JULIE HYMAN: Let's talk about what this post-election period now means for your portfolio, how you should be thinking about your personal investments. We're joined by Chris Manske. He's a certified financial planner and author of the book, "The Prepared Investor."

And this discussion is part of our financial advisors corner, presented by PIMCO. So Chris, has anything changed substantially for individual investors after this election? Is there anything they need to be keeping in mind, in terms of either the markets or perhaps the tax picture, given that it looks like we've got a President-elect Joe Biden, and as we try to sort of game out what his administration could do.

CHRIS MANSKE: Well, I think in the big picture, there is very little change. And as administrations come and go, a well diversified portfolio is going to do what the owner wants it to. But in the tactical picture, there's definitely specific things that investors right now want to be thinking about.

And I'd say the two biggest star one, do your homework first. Things have changed a bit. I mean, right off the top of my tongue is the possibility of a new tax bracket. You know, that's something that everybody is talking about. So make sure you've done your homework before you make purchases or sales. This December-- probably there won't be anything changed before the end of the year. But by next December, there could be some changes.

And then, the second would be know the difference between what's happened and what still is to come. It gets really exciting to talk about getting a company like Pfizer in your portfolio after it has already jumped, and everybody was excited about it. So be aware of what has already occurred and what is still to come.

MYLES UDLAND: And you know, Chris, you talked about doing your homework there. And maybe it's just that we're all too steeped in the world of business media, where it seems like there's an endless amount of financial content out there. But I guess with clients you talk to, does it seem like folks are more informed in general these days, that the information that's out there is allowing the current or new generation of investors to have an understanding of kind of the basics here, before they even come to a meeting with you?

CHRIS MANSKE: Well, I think it's a two edged sword. There's the joy of all the information at your fingertips. You can do a quick Google search. There's even people getting financial advice from TikTok these days.

And you know, this sounds a little bit odd. But it's also useful. You know, at the same time that there's a lot of information. It can be overwhelming, there is those specific questions with specific answers that they're right at people's fingertips.

And what's nice is the internet really is a leveling tool that you can use to your advantage.

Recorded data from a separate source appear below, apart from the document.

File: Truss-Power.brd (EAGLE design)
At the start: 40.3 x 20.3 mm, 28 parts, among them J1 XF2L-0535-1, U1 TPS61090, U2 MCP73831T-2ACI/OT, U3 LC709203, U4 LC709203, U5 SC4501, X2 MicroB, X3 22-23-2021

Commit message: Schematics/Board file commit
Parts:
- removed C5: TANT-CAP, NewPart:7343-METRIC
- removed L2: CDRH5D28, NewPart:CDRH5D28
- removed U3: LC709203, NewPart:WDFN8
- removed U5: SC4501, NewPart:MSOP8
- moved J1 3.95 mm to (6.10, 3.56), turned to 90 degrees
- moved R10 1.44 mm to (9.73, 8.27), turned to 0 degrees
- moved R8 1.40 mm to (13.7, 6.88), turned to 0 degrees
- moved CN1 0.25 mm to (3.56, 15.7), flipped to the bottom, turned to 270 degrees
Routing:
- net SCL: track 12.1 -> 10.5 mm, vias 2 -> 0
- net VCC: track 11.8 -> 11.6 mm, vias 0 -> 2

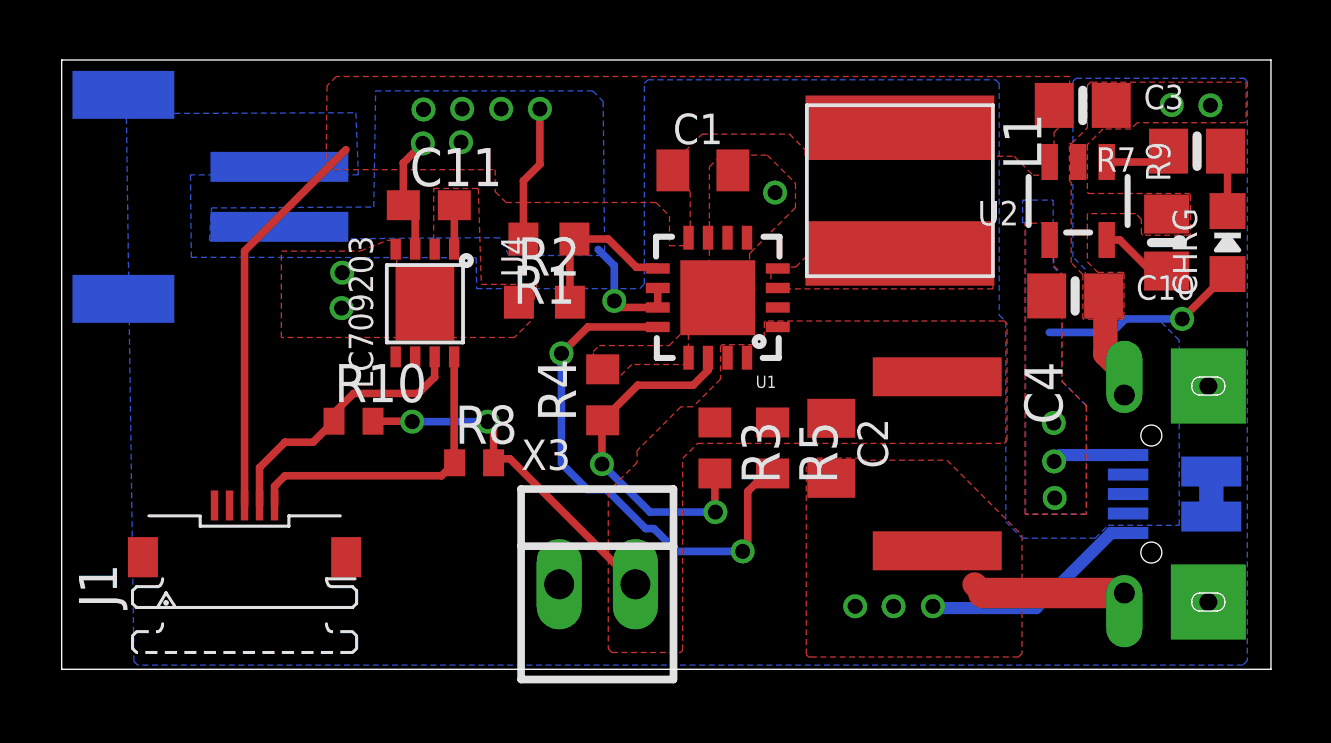
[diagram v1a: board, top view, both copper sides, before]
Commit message: Battery Connector Position Change
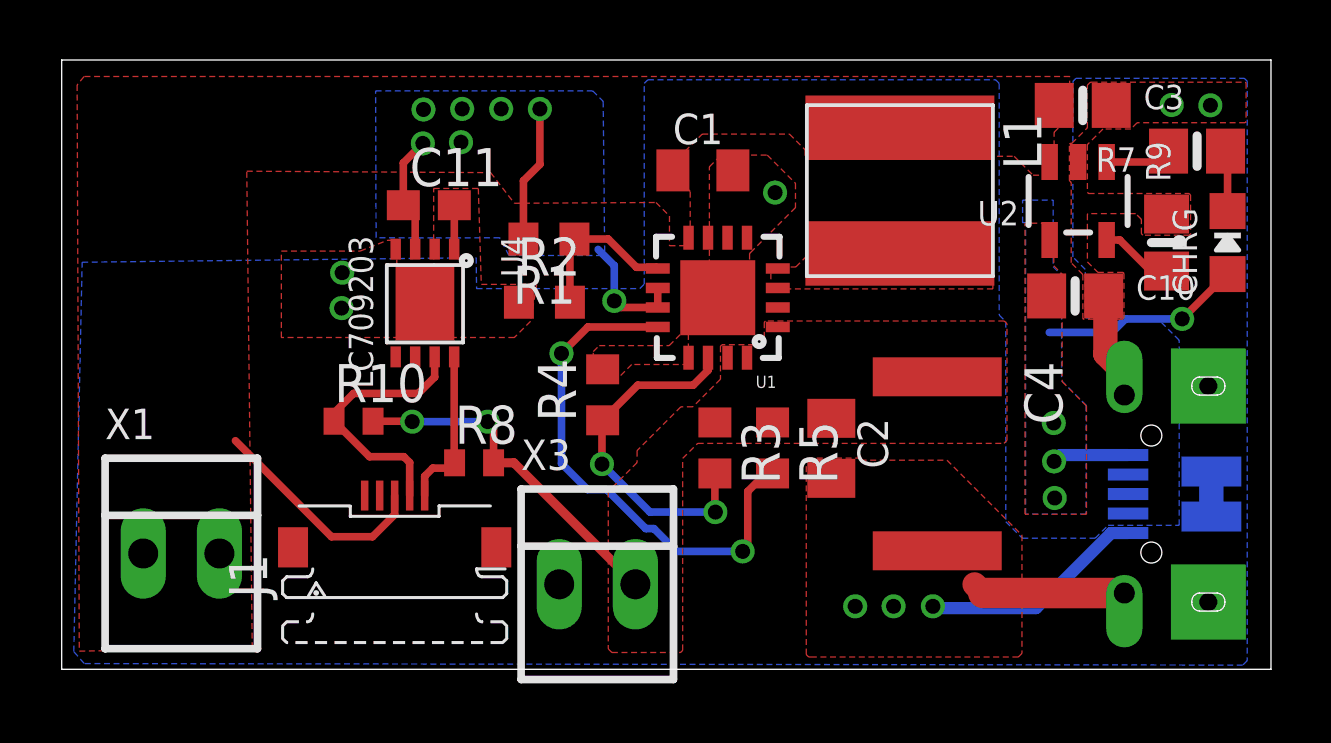
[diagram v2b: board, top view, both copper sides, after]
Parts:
- removed CN1: (no value), adafruit:JST-PH-2-SMT-RA
- added X1: 22-23-2021, con-molex:22-23-2021
- moved J1 5.01 mm to (11.1, 3.89)
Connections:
- net GND: now also X1.2; no longer CN1.2
- net VBAT: now also X1.1; no longer CN1.1
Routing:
- net VBAT: track 25.9 -> 20.2 mm
- net SCL: track 10.5 -> 5.36 mm

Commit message: TrussPower V2
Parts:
- removed U4: LC709203, NewPart:WDFN8
- added C5: 1uF, rcl:C0603
- added LED1: (no value), led:CHIP-LED0603
- added R11: 180, resistor:R0402
- added R12: 4.7K, resistor:R0402
- added R13: 330, resistor:R0402
- added R6: 1K, resistor:R0402
- added U3: MAX17044, NewPart:TDFN
- C11: value 1uF -> 10nF
- R10, R8: value 10K -> 4.7K
- R7: device microbuilder:0805-NO -> resistor:R0402
- moved J1 9.83 mm to (4.49, 11.2), flipped to the bottom
- moved R10 2.49 mm to (9.58, 5.78)
- moved R8 2.00 mm to (11.8, 7.16)
- moved C11 1.57 mm to (10.7, 15.7)
- moved R7 1.22 mm to (36.7, 17.0), turned to 0 degrees
- moved X1 0.85 mm to (3.14, 3.77)
- moved X2 0.36 mm to (36.0, 5.89)
- flipped CHRG to the bottom
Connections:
- new net ALRT: J1.2, R12.2, U3.5
- new net LEDSOC: J1.1, LED1.A
- new net N$1: C5.1, R6.2, U3.2
- new net N$3: C11.1, R11.2, U3.3
- new net N$4: LED1.C, R13.2
- net GND: now also C5.2, R13.1, U3.1, U3.4, U3.6, U3.9; no longer U4.1, U4.2, U4.4, U4.9
- net N$12: now also R7.2; no longer R7.1
- net N$13: now also R7.1; no longer R7.2
- net SCL: now also R10.1, U3.7; no longer R8.1, U4.8
- net SDA: now also R8.1, U3.8; no longer R10.1, U4.7
- net VBAT: now also R11.1, R6.1; no longer C11.1, U4.3
- net VCC: now also R12.1
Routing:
- net SCL: track 5.36 -> 16.3 mm, vias 0 -> 1
- net ALRT: track 0.00 -> 8.52 mm, vias 0 -> 1
- net VCC: track 11.7 -> 18.5 mm
- net LEDSOC: track 0.00 -> 6.32 mm
- net SDA: track 8.99 -> 14.8 mm, vias 0 -> 1
- net N$1: track 0.00 -> 5.55 mm
- net N$4: track 0.00 -> 4.78 mm
- net N$3: track 0.00 -> 4.55 mm
- net VBAT: track 20.2 -> 16.0 mm, vias 7 -> 8
- net N$12: track 2.03 -> 3.20 mm, vias 0 -> 1
- net N$13: track 2.21 -> 1.20 mm
- net GND: track 19.2 -> 19.8 mm
- net VBUS: track 9.30 -> 9.52 mm, vias 4 -> 3
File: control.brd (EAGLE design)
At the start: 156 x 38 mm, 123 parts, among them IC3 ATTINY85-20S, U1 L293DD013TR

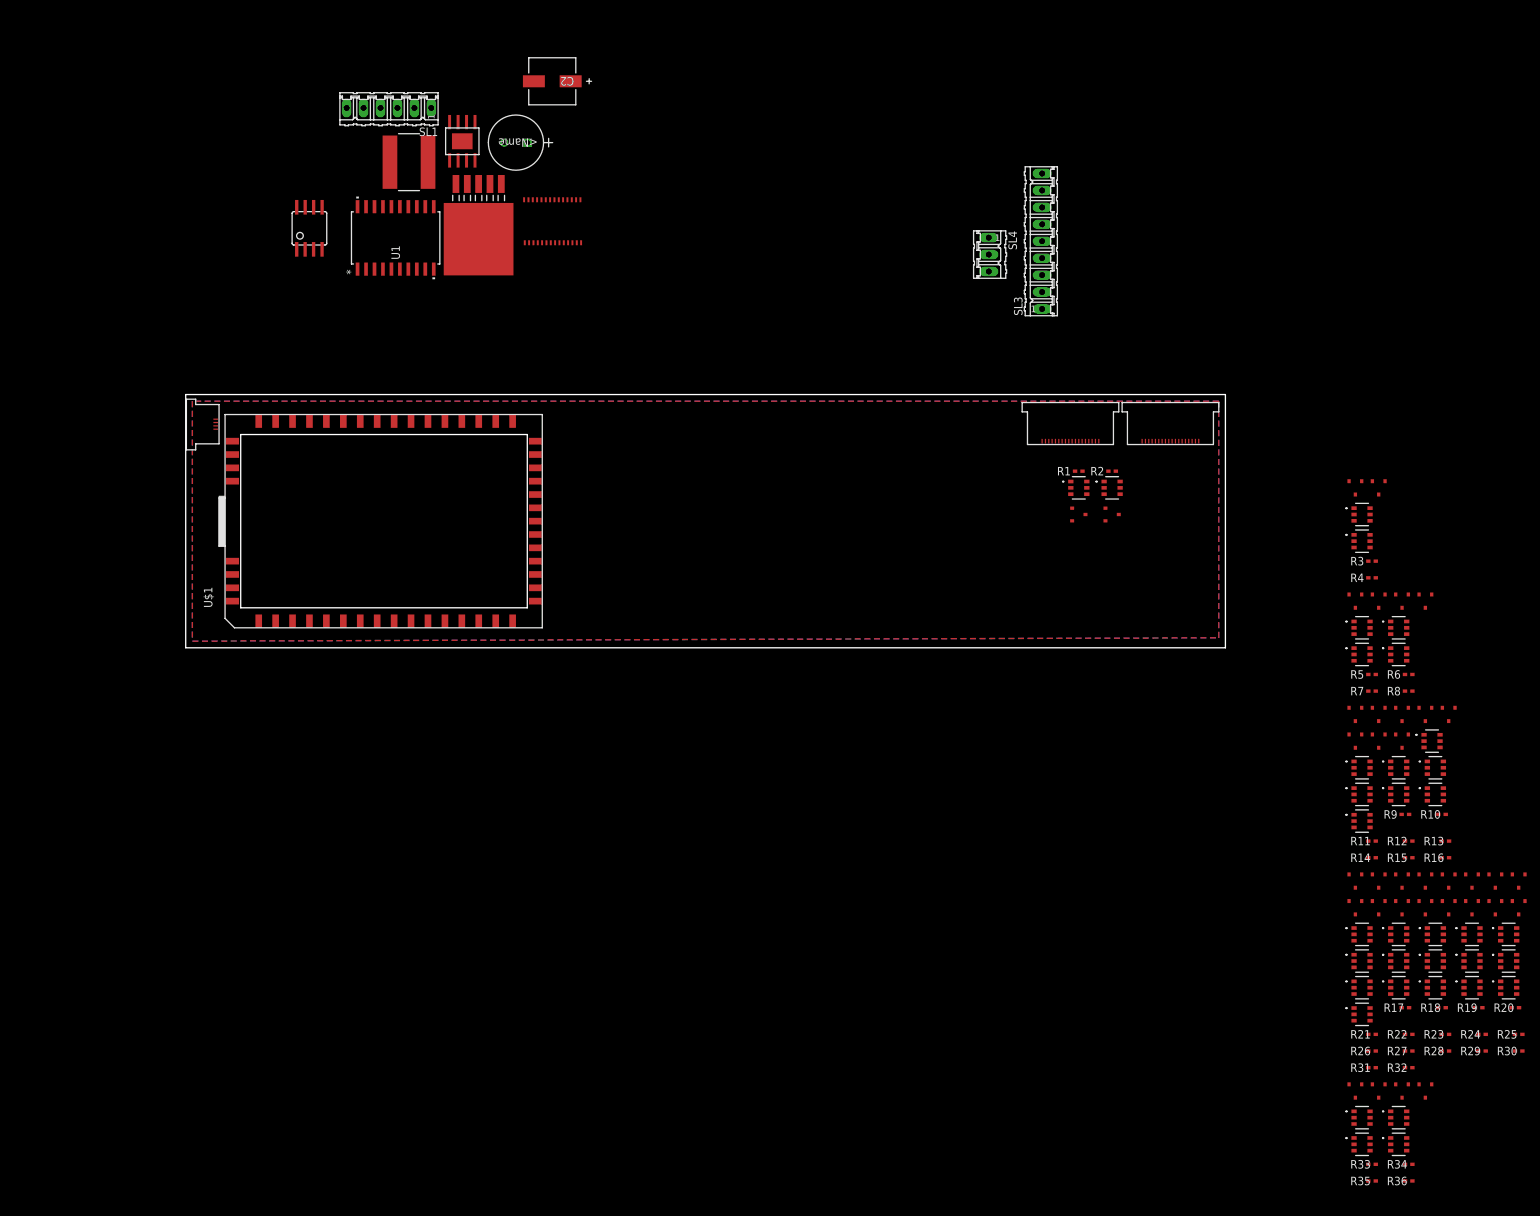
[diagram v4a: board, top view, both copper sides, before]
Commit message: removes excess led controllers
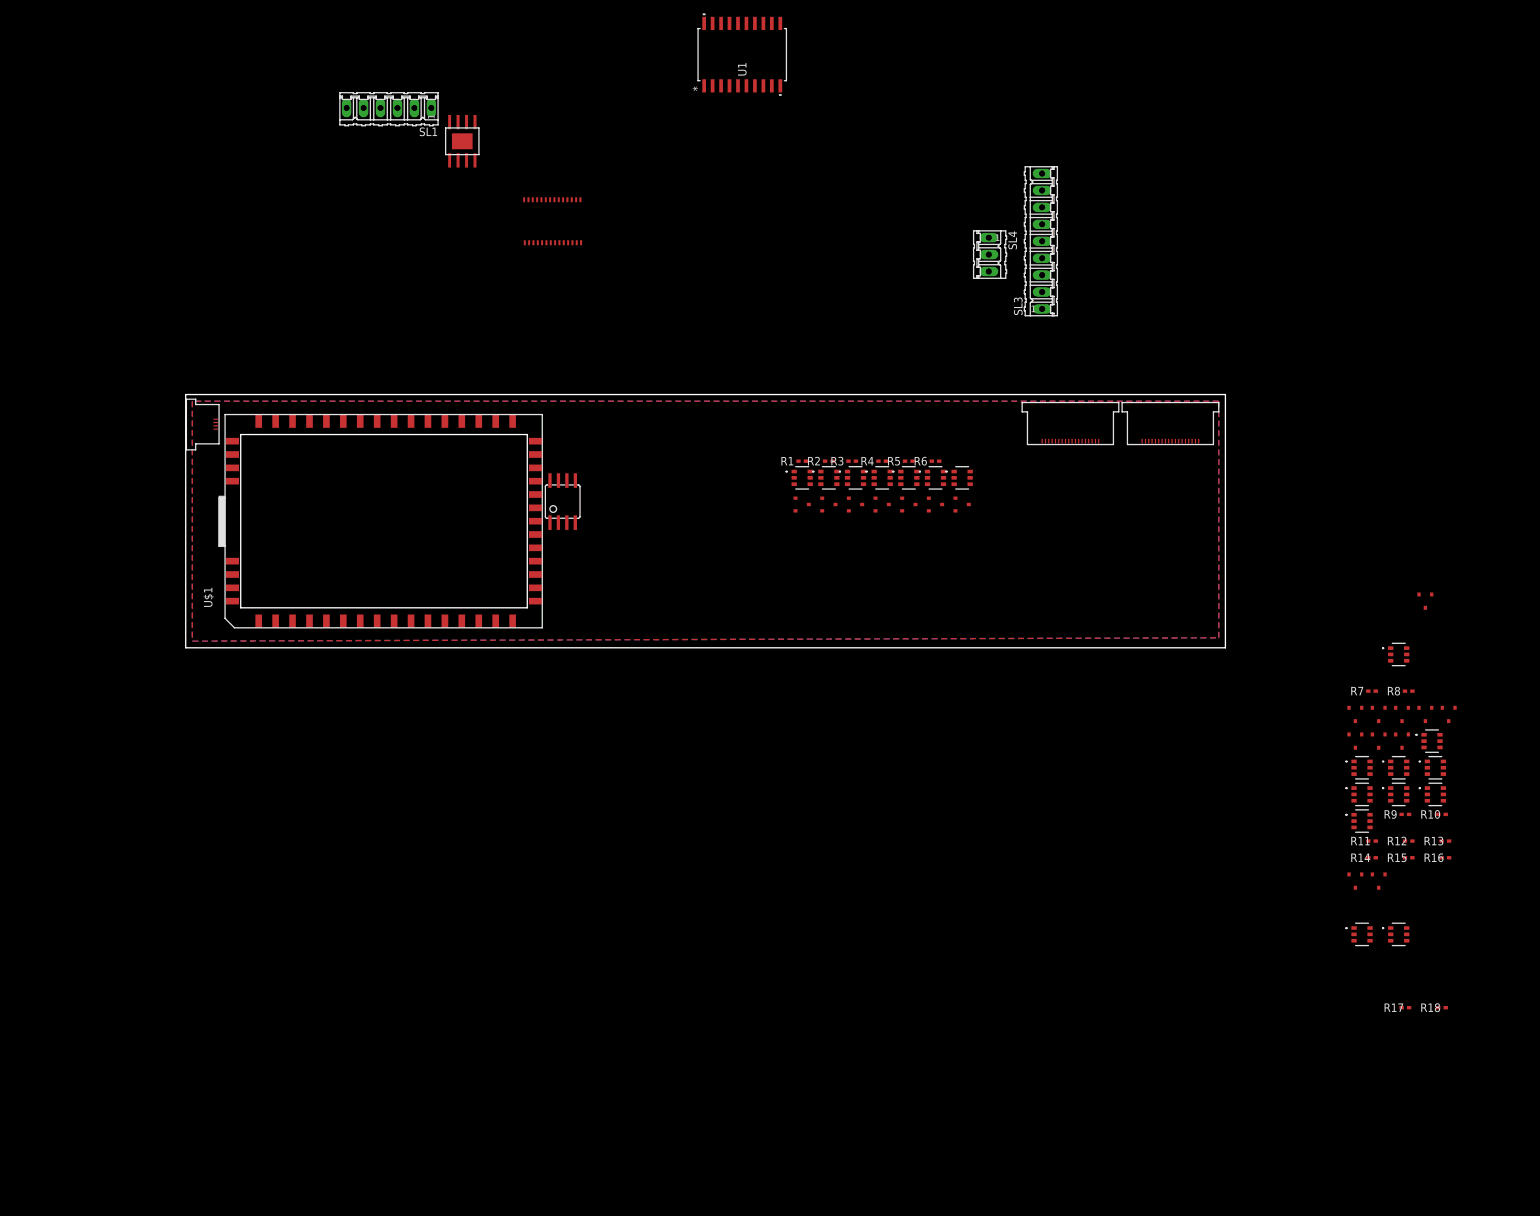
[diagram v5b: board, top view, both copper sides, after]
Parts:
- removed C1: UVR0J102MPD1TA, Smile_Shade:U1-M
- removed C2: UWX1C101MCL1GB, Smile_Shade:PCAP_6.3X5.4-ELECT
- removed R19, R20, R21, R22, R23, R24, R25, R26, R27, R28, R29, R30, R31, R32, R33, R34, R35, R36: RC0402JR-075R1L, Smile_Shade:RC0402N
- removed U$36: SRN8040-101M, Smile_Shade:IND_BOURNS_SRN8040
- removed U$41, U$46, U$48, U$50, U$52, U$54, U$56, U$58, U$60, U$62, U$64, U$66, U$68, U$70, U$72, U$74, U$76, U$78: 2N7002P, Smile_Shade:SOT23
- removed U$43: LM2576HVSX-5.0/NOPB, Smile_Shade:TS5B
- removed U$45, U$47, U$49, U$51, U$53, U$55, U$57, U$59, U$61, U$63, U$65, U$67, U$69, U$71, U$73, U$75, U$77, U$79: BCR420UW6-7, Smile_Shade:SOT26
- moved R3 79.4 mm to (100.0, 28.0)
- moved R6 77.9 mm to (112.5, 28.0)
- moved R5 76.5 mm to (108.5, 28.0)
- moved U$6 76.2 mm to (100.5, 25.5)
- moved R4 75.6 mm to (104.5, 28.0)
- moved U$5 75.0 mm to (100.5, 21.5), turned to 90 degrees
- moved U$7 74.5 mm to (104.5, 21.5), turned to 90 degrees
- moved U$12 73.1 mm to (112.5, 25.5)
- moved U$8 72.6 mm to (104.5, 25.5)
- moved U$10 71.6 mm to (108.5, 25.5)
- moved U$9 68.6 mm to (108.5, 21.5), turned to 90 degrees
- moved U$11 68.1 mm to (112.5, 21.5), turned to 90 degrees
- moved U$13 67.6 mm to (116.5, 21.5), turned to 90 degrees
- moved U$14 65.6 mm to (116.5, 25.5)
- moved U1 58.8 mm to (83.5, 89.0)
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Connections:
- removed net 48V: C2.1
- removed net GND18: R19.1, U$41.P$1, U$45.4
- removed net GND19: R20.1, U$46.P$1, U$47.4
- removed net GND20: R21.1, U$48.P$1, U$49.4
- removed net GND21: R22.1, U$50.P$1, U$51.4
- removed net GND22: R23.1, U$52.P$1, U$53.4
- removed net GND23: R24.1, U$54.P$1, U$55.4
- removed net GND24: R25.1, U$56.P$1, U$57.4
- removed net GND25: R26.1, U$58.P$1, U$59.4
- removed net GND26: R27.1, U$60.P$1, U$61.4
- removed net GND27: R28.1, U$62.P$1, U$63.4
- removed net GND28: R29.1, U$64.P$1, U$65.4
- removed net GND29: R30.1, U$66.P$1, U$67.4
- removed net GND30: R31.1, U$68.P$1, U$69.4
- removed net GND31: R32.1, U$70.P$1, U$71.4
- removed net GND32: R33.1, U$72.P$1, U$73.4
- removed net GND33: R34.1, U$74.P$1, U$75.4
- removed net GND34: R35.1, U$76.P$1, U$77.4
- removed net GND35: R36.1, U$78.P$1, U$79.4
- removed net LEDSTR_33: U$45.2, U$45.3, U$45.5
- removed net LEDSTR_34: U$47.2, U$47.3, U$47.5
- removed net LEDSTR_35: U$49.2, U$49.3, U$49.5
- removed net LEDSTR_36: U$51.2, U$51.3, U$51.5
- removed net LEDSTR_37: U$53.2, U$53.3, U$53.5
- removed net LEDSTR_38: U$55.2, U$55.3, U$55.5
- removed net LEDSTR_39: U$57.2, U$57.3, U$57.5
- removed net LEDSTR_40: U$59.2, U$59.3, U$59.5
- removed net LEDSTR_41: U$61.2, U$61.3, U$61.5
- removed net LEDSTR_42: U$63.2, U$63.3, U$63.5
- removed net LEDSTR_43: U$65.2, U$65.3, U$65.5
- removed net LEDSTR_44: U$67.2, U$67.3, U$67.5
- removed net LEDSTR_45: U$69.2, U$69.3, U$69.5
- removed net LEDSTR_46: U$71.2, U$71.3, U$71.5
- removed net LEDSTR_47: U$73.2, U$73.3, U$73.5
- removed net LEDSTR_48: U$75.2, U$75.3, U$75.5
- removed net LEDSTR_49: U$77.2, U$77.3, U$77.5
- removed net LEDSTR_50: U$79.2, U$79.3, U$79.5
- removed net N$33: U$36.1, U$43.2
- removed net N$34: C2.2, U$43.1
- removed net N$42: U$41.P$3, U$45.1
- removed net N$43: R19.2, U$45.6
- removed net N$44: U$46.P$3, U$47.1
- removed net N$45: R20.2, U$47.6
- removed net N$46: U$48.P$3, U$49.1
- removed net N$47: R21.2, U$49.6
- removed net N$48: U$50.P$3, U$51.1
- removed net N$49: R22.2, U$51.6
- removed net N$50: U$52.P$3, U$53.1
- removed net N$51: R23.2, U$53.6
- removed net N$52: U$54.P$3, U$55.1
- removed net N$53: R24.2, U$55.6
- removed net N$54: U$56.P$3, U$57.1
- removed net N$55: R25.2, U$57.6
- removed net N$56: U$58.P$3, U$59.1
- removed net N$57: R26.2, U$59.6
- removed net N$58: U$60.P$3, U$61.1
- removed net N$59: R27.2, U$61.6
- removed net N$60: U$62.P$3, U$63.1
- removed net N$61: R28.2, U$63.6
- removed net N$62: U$64.P$3, U$65.1
- removed net N$63: R29.2, U$65.6
- removed net N$64: U$66.P$3, U$67.1
- removed net N$65: R30.2, U$67.6
- removed net N$66: U$68.P$3, U$69.1
- removed net N$67: R31.2, U$69.6
- removed net N$68: U$70.P$3, U$71.1
- removed net N$69: R32.2, U$71.6
- removed net N$70: U$72.P$3, U$73.1
- removed net N$71: R33.2, U$73.6
- removed net N$72: U$74.P$3, U$75.1
- removed net N$73: R34.2, U$75.6
- removed net N$74: U$76.P$3, U$77.1
- removed net N$75: R35.2, U$77.6
- removed net N$76: U$78.P$3, U$79.1
- removed net N$77: R36.2, U$79.6
- removed net ZN33: U$41.P$2
- removed net ZN34: U$46.P$2
- removed net ZN35: U$48.P$2
- removed net ZN36: U$50.P$2
- removed net ZN37: U$52.P$2
- removed net ZN38: U$54.P$2
- removed net ZN39: U$56.P$2
- removed net ZN40: U$58.P$2
- removed net ZN41: U$60.P$2
- removed net ZN42: U$62.P$2
- removed net ZN43: U$64.P$2
- removed net ZN44: U$66.P$2
- removed net ZN45: U$68.P$2
- removed net ZN46: U$70.P$2
- removed net ZN47: U$72.P$2
- removed net ZN48: U$74.P$2
- removed net ZN49: U$76.P$2
- removed net ZN50: U$78.P$2
- net 5V: no longer C1.2, U$36.2, U$43.4
- net GND: no longer C1.1, U$43.3, U$43.5, U$43.6

But if you end up spending three hours going into a rabbit hole, unable to tell the difference between fake news and what has already occurred, and what hasn't, you know, that's when it's probably good to bring in a third party, and you know, chat with them. And it doesn't have to be a financial advisor. It could just be someone you trust. You know, just get a friend or someone that you respect. Their opinion means something to you. And you know, having that second voice makes a lot of difference.

- Chris, there's been a lot of bullishness emerge on Wall Street after the election. How should an investor protect their portfolio that a lot of these strategists on Wall Street could be completely wrong?

CHRIS MANSKE: Well, that's a good point. The idea that the market is not for certain going up or not for certain going down is not a new one. So that preparation that people need to make, it's not specific to this moment. It's just be prepared.

In fact, I think that this is a lot like, you know, somebody who puts a spare tire on their car. And they practice changing their tire. They're not doing that just because of that one day they're going to drive somewhere. They're doing it, because they want it to always be in place. And it's the same with portfolio preparation.

There are specific steps that really every investor can easily take to make sure that they're ready for the fact-- it's not a question-- the fact that Wall Street could be wrong. There could be bullish moments. And there could be bearish moments. And it could go the other way. We need to be ready for it.